__TASK PROMPT__:
Retype exactly the lines that run from the line with "Subtract/1 -> Gain3/1" to the final line of the entries, keeping both ends and nothing else.

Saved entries

■ ■ ■ ■ ■

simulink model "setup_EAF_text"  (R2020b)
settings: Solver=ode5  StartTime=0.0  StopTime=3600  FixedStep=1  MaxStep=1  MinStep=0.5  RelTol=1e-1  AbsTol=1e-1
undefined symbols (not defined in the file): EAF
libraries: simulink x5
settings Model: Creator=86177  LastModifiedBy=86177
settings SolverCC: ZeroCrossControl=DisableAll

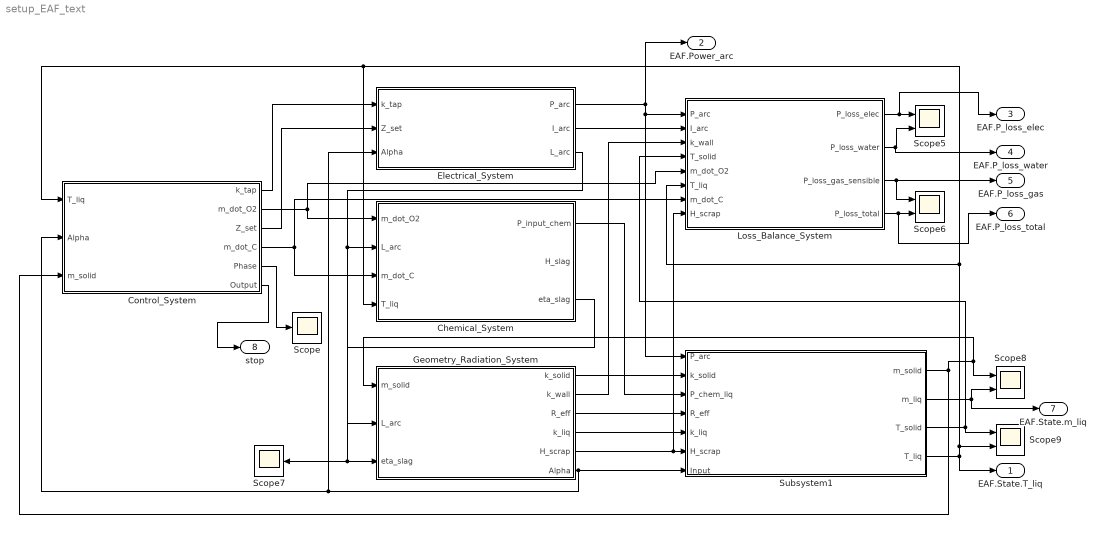
== system setup_EAF_text ==
  Chemical_System : Subsystem
  Control_System : Subsystem
  Electrical_System : Subsystem
  Geometry_Radiation_System : Subsystem
  Loss_Balance_System : Subsystem
  Scope : Scope
  Scope{5..6,8..9} (4 alike) : Scope  NumInputPorts=2
  Scope7 : Scope
  Subsystem1 : Subsystem
  EAF.State.T_liq : Outport
  EAF.Power_arc : Outport  Port=2  SignalName=EAF.Power_arc
  EAF.P_loss_elec : Outport  Port=3  SignalName=EAF.P_loss_elec
  EAF.P_loss_water : Outport  Port=4  SignalName=EAF.P_loss_water
  EAF.P_loss_gas : Outport  Port=5  SignalName=EAF.P_loss_gas
  EAF.P_loss_total : Outport  Port=6  SignalName=EAF.P_loss_total
  EAF.State.m_liq : Outport  Port=7  SignalName=EAF.State.m_liq
  stop : Outport  Port=8
  wires:
  Control_System/1(k_tap) -> Electrical_System/1(k_tap)
  Control_System/3(Z_set) -> Electrical_System/2(Z_set)
  Control_System/5(Phase) -> Scope/1
  Electrical_System/3(L_arc) -> Geometry_Radiation_System/2(L_arc), Chemical_System/2(L_arc)
  Control_System/4(m_dot_C) -> Chemical_System/3(m_dot_C), Loss_Balance_System/7(m_dot_C)
  Geometry_Radiation_System/6(Alpha) -> Subsystem1/7(Input), Electrical_System/3(Alpha), Control_System/2(Alpha)
  Control_System/2(m_dot_O2) -> Chemical_System/1(m_dot_O2), Loss_Balance_System/5(m_dot_O2)
  Electrical_System/1(P_arc) -> Subsystem1/1(P_arc), Loss_Balance_System/1(P_arc), EAF.Power_arc/1
  Chemical_System/3(eta_slag) -> Geometry_Radiation_System/3(eta_slag), Scope7/1
  Subsystem1/1(m_solid) -> Geometry_Radiation_System/1(m_solid), Scope8/1, Control_System/3(m_solid)
  Subsystem1/2(m_liq) -> Scope8/2, EAF.State.m_liq/1
  Subsystem1/3(T_solid) -> Loss_Balance_System/4(T_solid), Scope9/1
  Subsystem1/4(T_liq) -> Loss_Balance_System/6(T_liq), Control_System/1(T_liq), Chemical_System/4(T_liq), Scope9/2, EAF.State.T_liq/1
  Geometry_Radiation_System/2(k_wall) -> Loss_Balance_System/3(k_wall)
  Electrical_System/2(I_arc) -> Loss_Balance_System/2(I_arc)
  Loss_Balance_System/1(P_loss_elec) -> EAF.P_loss_elec/1, Scope5/1
  Loss_Balance_System/2(P_loss_water) -> EAF.P_loss_water/1, Scope5/2
  Loss_Balance_System/3(P_loss_gas_sensible) -> Scope6/1, EAF.P_loss_gas/1
  Loss_Balance_System/4(P_loss_total) -> EAF.P_loss_total/1, Scope6/2
  Chemical_System/1(P_input_chem) -> Subsystem1/3(P_chem_liq)
  Control_System/6(Output) -> stop/1
  Geometry_Radiation_System/1(k_solid) -> Subsystem1/2(k_solid)
  Geometry_Radiation_System/3(R_eff) -> Subsystem1/4(R_eff)
  Geometry_Radiation_System/5(H_scrap) -> Loss_Balance_System/8(H_scrap), Subsystem1/6(H_scrap)
  Geometry_Radiation_System/4(k_liq) -> Subsystem1/5(k_liq)

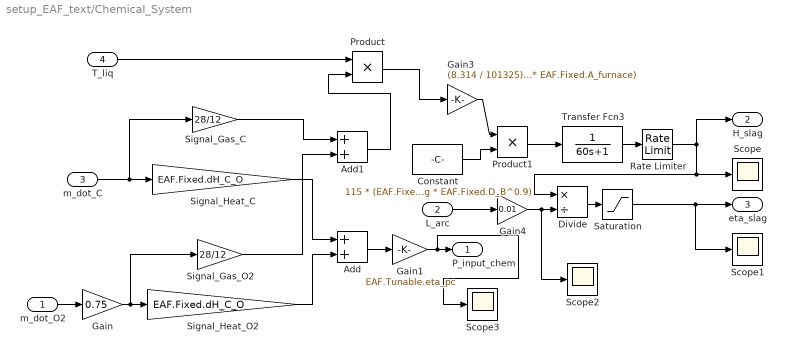
== system setup_EAF_text/Chemical_System ==
  m_dot_O2 : Inport
  L_arc : Inport  Port=2
  m_dot_C : Inport  Port=3
  T_liq : Inport  Port=4
  Add : Sum
  Add1 : Sum
  Constant : Constant  Value=115 * (EAF.Fixed.mu_slag^1.2) / (EAF.Fixed.sigma_slag^0.2 * EAF.Fixed.rho_slag * EAF.Fixed.D_B^0.9)
  Divide : Product  Inputs=*/  SaturateOnIntegerOverflow=on
  Gain : Gain  Gain=0.75
  Gain1 : Gain  Gain=EAF.Tunable.eta_pc
  Gain3 : Gain  Gain=(8.314 / 101325) / (0.028 * EAF.Fixed.A_furnace)
  Gain4 : Gain  Gain=0.01
  Product : Product
  Product1 : Product
  Rate Limiter : RateLimiter  RisingSlewLimit=0.0006  FallingSlewLimit=-0.0001  SampleTimeMode=inherited  InitialCondition=0.15
  Saturation : Saturate  UpperLimit=0.98  LowerLimit=0.001
  Scope{,1..3} (4 alike) : Scope
  Signal_Gas_C : Gain  Gain=28/12
  Signal_Gas_O2 : Gain  Gain=28/12
  Signal_Heat_C : Gain  Gain=EAF.Fixed.dH_C_O
  Signal_Heat_O2 : Gain  Gain=EAF.Fixed.dH_C_O
  Transfer Fcn3 : TransferFcn  Numerator=1  Denominator=[60 1]
  P_input_chem : Outport
  H_slag : Outport  Port=2
  eta_slag : Outport  Port=3
  wires:
  Gain/1 -> Signal_Gas_O2/1, Signal_Heat_O2/1
  Signal_Heat_O2/1 -> Add/2
  Signal_Heat_C/1 -> Add/1
  Add/1 -> Gain1/1
  Gain1/1 -> Scope3/1, P_input_chem/1
  Signal_Gas_C/1 -> Add1/1
  Signal_Gas_O2/1 -> Add1/2
  Add1/1 -> Product/2
  Gain3/1 -> Product1/1
  Constant/1 -> Product1/2
  Gain4/1 -> Scope2/1, Divide/2
  Divide/1 -> Saturation/1
  Saturation/1 -> Scope1/1, eta_slag/1
  m_dot_C/1 -> Signal_Gas_C/1, Signal_Heat_C/1
  L_arc/1 -> Gain4/1
  m_dot_O2/1 -> Gain/1
  Product1/1 -> Transfer Fcn3/1
  Transfer Fcn3/1 -> Rate Limiter/1
  Rate Limiter/1 -> H_slag/1, Divide/1, Scope/1
  T_liq/1 -> Product/1
  Product/1 -> Gain3/1

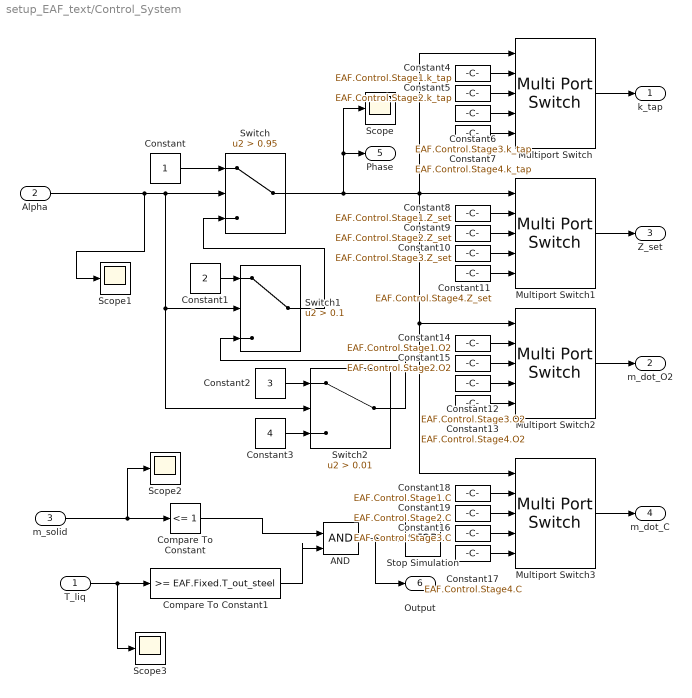
== system setup_EAF_text/Control_System ==
  T_liq : Inport
  Alpha : Inport  Port=2
  m_solid : Inport  Port=3
  AND : Logic  IconShape=distinctive  AllPortsSameDT=off  OutDataTypeStr=boolean
  Compare To Constant : simulink/Logic and Bit Operations/Compare To Constant  relop=<=  const=1  OutDataTypeStr=boolean
  Compare To Constant1 : simulink/Logic and Bit Operations/Compare To Constant  relop=>=  const=EAF.Fixed.T_out_steel  OutDataTypeStr=boolean
  Constant : Constant
  Constant1 : Constant  Value=2
  Constant10 : Constant  Value=EAF.Control.Stage3.Z_set
  Constant11 : Constant  Value=EAF.Control.Stage4.Z_set
  Constant12 : Constant  Value=EAF.Control.Stage3.O2
  Constant13 : Constant  Value=EAF.Control.Stage4.O2
  Constant14 : Constant  Value=EAF.Control.Stage1.O2
  Constant15 : Constant  Value=EAF.Control.Stage2.O2
  Constant16 : Constant  Value=EAF.Control.Stage3.C
  Constant17 : Constant  Value=EAF.Control.Stage4.C
  Constant18 : Constant  Value=EAF.Control.Stage1.C
  Constant19 : Constant  Value=EAF.Control.Stage2.C
  Constant2 : Constant  Value=3
  Constant3 : Constant  Value=4
  Constant4 : Constant  Value=EAF.Control.Stage1.k_tap
  Constant5 : Constant  Value=EAF.Control.Stage2.k_tap
  Constant6 : Constant  Value=EAF.Control.Stage3.k_tap
  Constant7 : Constant  Value=EAF.Control.Stage4.k_tap
  Constant8 : Constant  Value=EAF.Control.Stage1.Z_set
  Constant9 : Constant  Value=EAF.Control.Stage2.Z_set
  Multiport Switch{,1..3} (4 alike) : MultiPortSwitch  Inputs=4
  Scope{,1..3} (4 alike) : Scope
  Stop Simulation : Stop
  Switch : Switch  Criteria=u2 > Threshold  Threshold=0.95
  Switch1 : Switch  Criteria=u2 > Threshold  Threshold=0.1
  Switch2 : Switch  Criteria=u2 > Threshold  Threshold=0.01
  k_tap : Outport
  m_dot_O2 : Outport  Port=2
  Z_set : Outport  Port=3
  m_dot_C : Outport  Port=4
  Phase : Outport  Port=5
  Output : Outport  Port=6
  wires:
  Alpha/1 -> Scope1/1, Switch1/2, Switch2/2, Switch/2
  Constant/1 -> Switch/1
  Constant2/1 -> Switch2/1
  Constant3/1 -> Switch2/3
  Constant1/1 -> Switch1/1
  Switch2/1 -> Switch1/3
  Switch1/1 -> Switch/3
  Constant4/1 -> Multiport Switch/2
  Constant5/1 -> Multiport Switch/3
  Constant6/1 -> Multiport Switch/4
  Constant7/1 -> Multiport Switch/5
  Multiport Switch/1 -> k_tap/1
  Multiport Switch1/1 -> Z_set/1
  Constant11/1 -> Multiport Switch1/5
  Constant8/1 -> Multiport Switch1/2
  Constant10/1 -> Multiport Switch1/4
  Constant9/1 -> Multiport Switch1/3
  Constant12/1 -> Multiport Switch2/4
  Constant14/1 -> Multiport Switch2/2
  Multiport Switch2/1 -> m_dot_O2/1
  Constant13/1 -> Multiport Switch2/5
  Constant15/1 -> Multiport Switch2/3
  Constant19/1 -> Multiport Switch3/3
  Constant17/1 -> Multiport Switch3/5
  Constant16/1 -> Multiport Switch3/4
  Multiport Switch3/1 -> m_dot_C/1
  Constant18/1 -> Multiport Switch3/2
  Switch/1 -> Phase/1, Scope/1, Multiport Switch3/1, Multiport Switch2/1, Multiport Switch1/1, Multiport Switch/1
  Compare To Constant1/1 -> AND/2
  AND/1 -> Output/1, Stop Simulation/1
  Compare To Constant/1 -> AND/1
  T_liq/1 -> Compare To Constant1/1, Scope3/1
  m_solid/1 -> Scope2/1, Compare To Constant/1

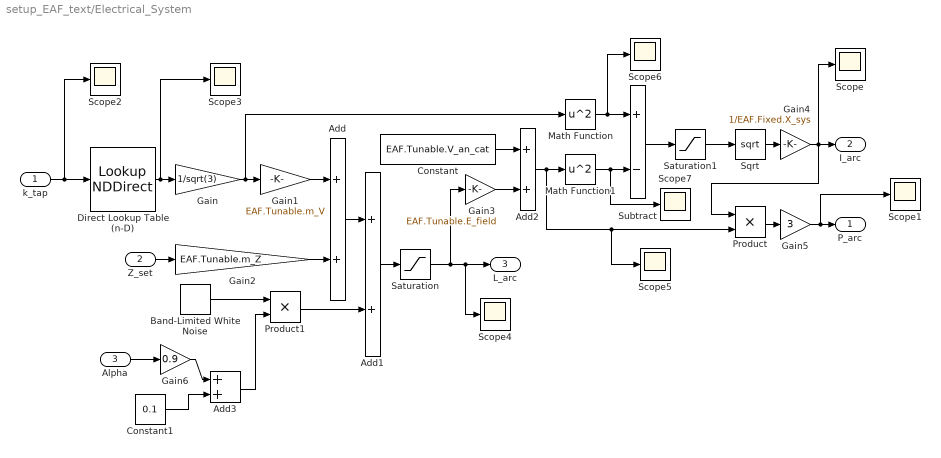
== system setup_EAF_text/Electrical_System ==
  k_tap : Inport
  Z_set : Inport  Port=2
  Alpha : Inport  Port=3
  Add{,1..3} (4 alike) : Sum
  Band-Limited White Noise : simulink/Sources/Band-Limited White Noise  Cov=EAF.Tunable.xi_noise_var  Ts=1  seed=[23341]
  Constant : Constant  Value=EAF.Tunable.V_an_cat
  Constant1 : Constant  Value=0.1
  Direct Lookup Table (n-D) : LookupNDDirect  NumberOfTableDimensions=1  Table=EAF.Fixed.Tap_Lookup_V
  Gain : Gain  Gain=1/sqrt(3)
  Gain1 : Gain  Gain=EAF.Tunable.m_V
  Gain2 : Gain  Gain=EAF.Tunable.m_Z
  Gain3 : Gain  Gain=EAF.Tunable.E_field
  Gain4 : Gain  Gain=1/EAF.Fixed.X_sys
  Gain5 : Gain  Gain=3
  Gain6 : Gain  Gain=0.9
  Math Function : Math  Operator=square  SaturateOnIntegerOverflow=on
  Math Function1 : Math  Operator=square  SaturateOnIntegerOverflow=on
  Product : Product
  Product1 : Product
  Saturation : Saturate  UpperLimit=inf  LowerLimit=0.01
  Saturation1 : Saturate  UpperLimit=inf  LowerLimit=0.01
  Scope{,1..7} (8 alike) : Scope
  Sqrt : Sqrt  SaturateOnIntegerOverflow=on
  Subtract : Sum  Inputs=+-
  P_arc : Outport
  I_arc : Outport  Port=2
  L_arc : Outport  Port=3
  wires:
  Direct Lookup Table (n-D)/1 -> Scope3/1, Gain/1
  Gain/1 -> Math Function/1, Gain1/1
  Gain1/1 -> Add/1
  Gain2/1 -> Add/2
  Add/1 -> Add1/1
  Add1/1 -> Saturation/1
  Saturation/1 -> Gain3/1, Scope4/1, L_arc/1
  Constant/1 -> Add2/1
  Gain3/1 -> Add2/2
  Add2/1 -> Scope5/1, Product/2, Math Function1/1
  Math Function/1 -> Scope6/1, Subtract/1
  Math Function1/1 -> Scope7/1, Subtract/2
  Subtract/1 -> Saturation1/1
  Saturation1/1 -> Sqrt/1
  Sqrt/1 -> Gain4/1
  Gain4/1 -> Scope/1, I_arc/1, Product/1
  Product/1 -> Gain5/1
  Gain5/1 -> Scope1/1, P_arc/1
  Band-Limited White Noise/1 -> Product1/1
  Product1/1 -> Add1/2
  k_tap/1 -> Scope2/1, Direct Lookup Table (n-D)/1
  Z_set/1 -> Gain2/1
  Gain6/1 -> Add3/1
  Add3/1 -> Product1/2
  Constant1/1 -> Add3/2
  Alpha/1 -> Gain6/1

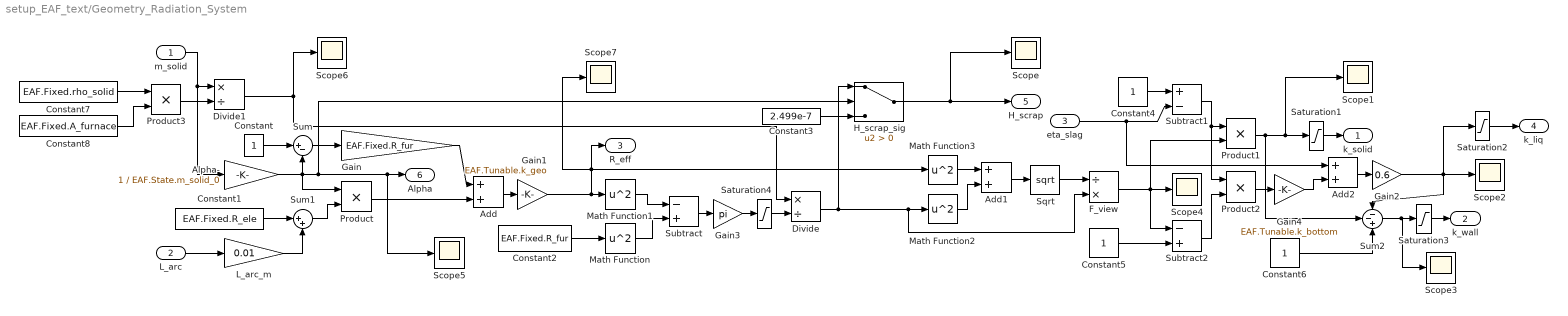
== system setup_EAF_text/Geometry_Radiation_System ==
  m_solid : Inport
  L_arc : Inport  Port=2
  eta_slag : Inport  Port=3
  Add : Sum
  Add1 : Sum
  Add2 : Sum
  Alpha- : Gain  Gain=1 / EAF.State.m_solid_0
  Constant{,4..6} (4 alike) : Constant
  Constant1 : Constant  Value=EAF.Fixed.R_ele
  Constant2 : Constant  Value=EAF.Fixed.R_fur
  Constant3 : Constant  Value=2.499e-7
  Constant7 : Constant  Value=EAF.Fixed.rho_solid
  Constant8 : Constant  Value=EAF.Fixed.A_furnace
  Divide : Product  Inputs=*/
  Divide1 : Product  Inputs=*/
  F_view : Product  Inputs=/*
  Gain : Gain  Gain=EAF.Fixed.R_fur
  Gain1 : Gain  Gain=EAF.Tunable.k_geo
  Gain2 : Gain  Gain=0.6
  Gain3 : Gain  Gain=pi
  Gain4 : Gain  Gain=EAF.Tunable.k_bottom
  H_scrap_sig : Switch  Criteria=u2 > Threshold
  L_arc_m : Gain  Gain=0.01
  Math Function{,1..3} (4 alike) : Math  Operator=square  SaturateOnIntegerOverflow=on
  Product{,1..3} (4 alike) : Product
  Saturation{1..4} (4 alike) : Saturate  UpperLimit=1  LowerLimit=0.0001
  Scope{,1..7} (8 alike) : Scope
  Sqrt : Sqrt  SaturateOnIntegerOverflow=on
  Subtract : Sum  Inputs=-+
  Subtract1 : Sum  Inputs=+-
  Subtract2 : Sum  Inputs=-+
  Sum : Sum  Inputs=|+-
  Sum1 : Sum  Inputs=|++
  Sum2 : Sum  Inputs=--+
  k_solid : Outport
  k_wall : Outport  Port=2
  R_eff : Outport  Port=3
  k_liq : Outport  Port=4
  H_scrap : Outport  Port=5
  Alpha : Outport  Port=6
  wires:
  Alpha-/1 -> Scope5/1, Alpha/1, H_scrap_sig/2, Product/1, Sum/2
  Constant/1 -> Sum/1
  Sum/1 -> Gain/1
  L_arc_m/1 -> Sum1/2
  Constant1/1 -> Sum1/1
  Sum1/1 -> Product/2
  Gain/1 -> Add/1
  Product/1 -> Add/2
  Add/1 -> Gain1/1
  Constant2/1 -> Math Function/1
  Math Function1/1 -> Subtract/1
  Math Function/1 -> Subtract/2
  Subtract/1 -> Gain3/1
  Divide1/1 -> Scope6/1, Divide/1
  Constant3/1 -> H_scrap_sig/3
  Divide/1 -> F_view/2, Math Function2/1, H_scrap_sig/1
  Math Function3/1 -> Add1/1
  Math Function2/1 -> Add1/2
  Add1/1 -> Sqrt/1
  Sqrt/1 -> F_view/1
  Constant4/1 -> Subtract1/1
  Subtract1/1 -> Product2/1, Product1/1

■ ■ ■ ■ ■

__TASK RESULT__:
  Subtract/1 -> Gain3/1
  Divide1/1 -> Scope6/1, Divide/1
  Constant3/1 -> H_scrap_sig/3
  Divide/1 -> F_view/2, Math Function2/1, H_scrap_sig/1
  Math Function3/1 -> Add1/1
  Math Function2/1 -> Add1/2
  Add1/1 -> Sqrt/1
  Sqrt/1 -> F_view/1
  Constant4/1 -> Subtract1/1
  Subtract1/1 -> Product2/1, Product1/1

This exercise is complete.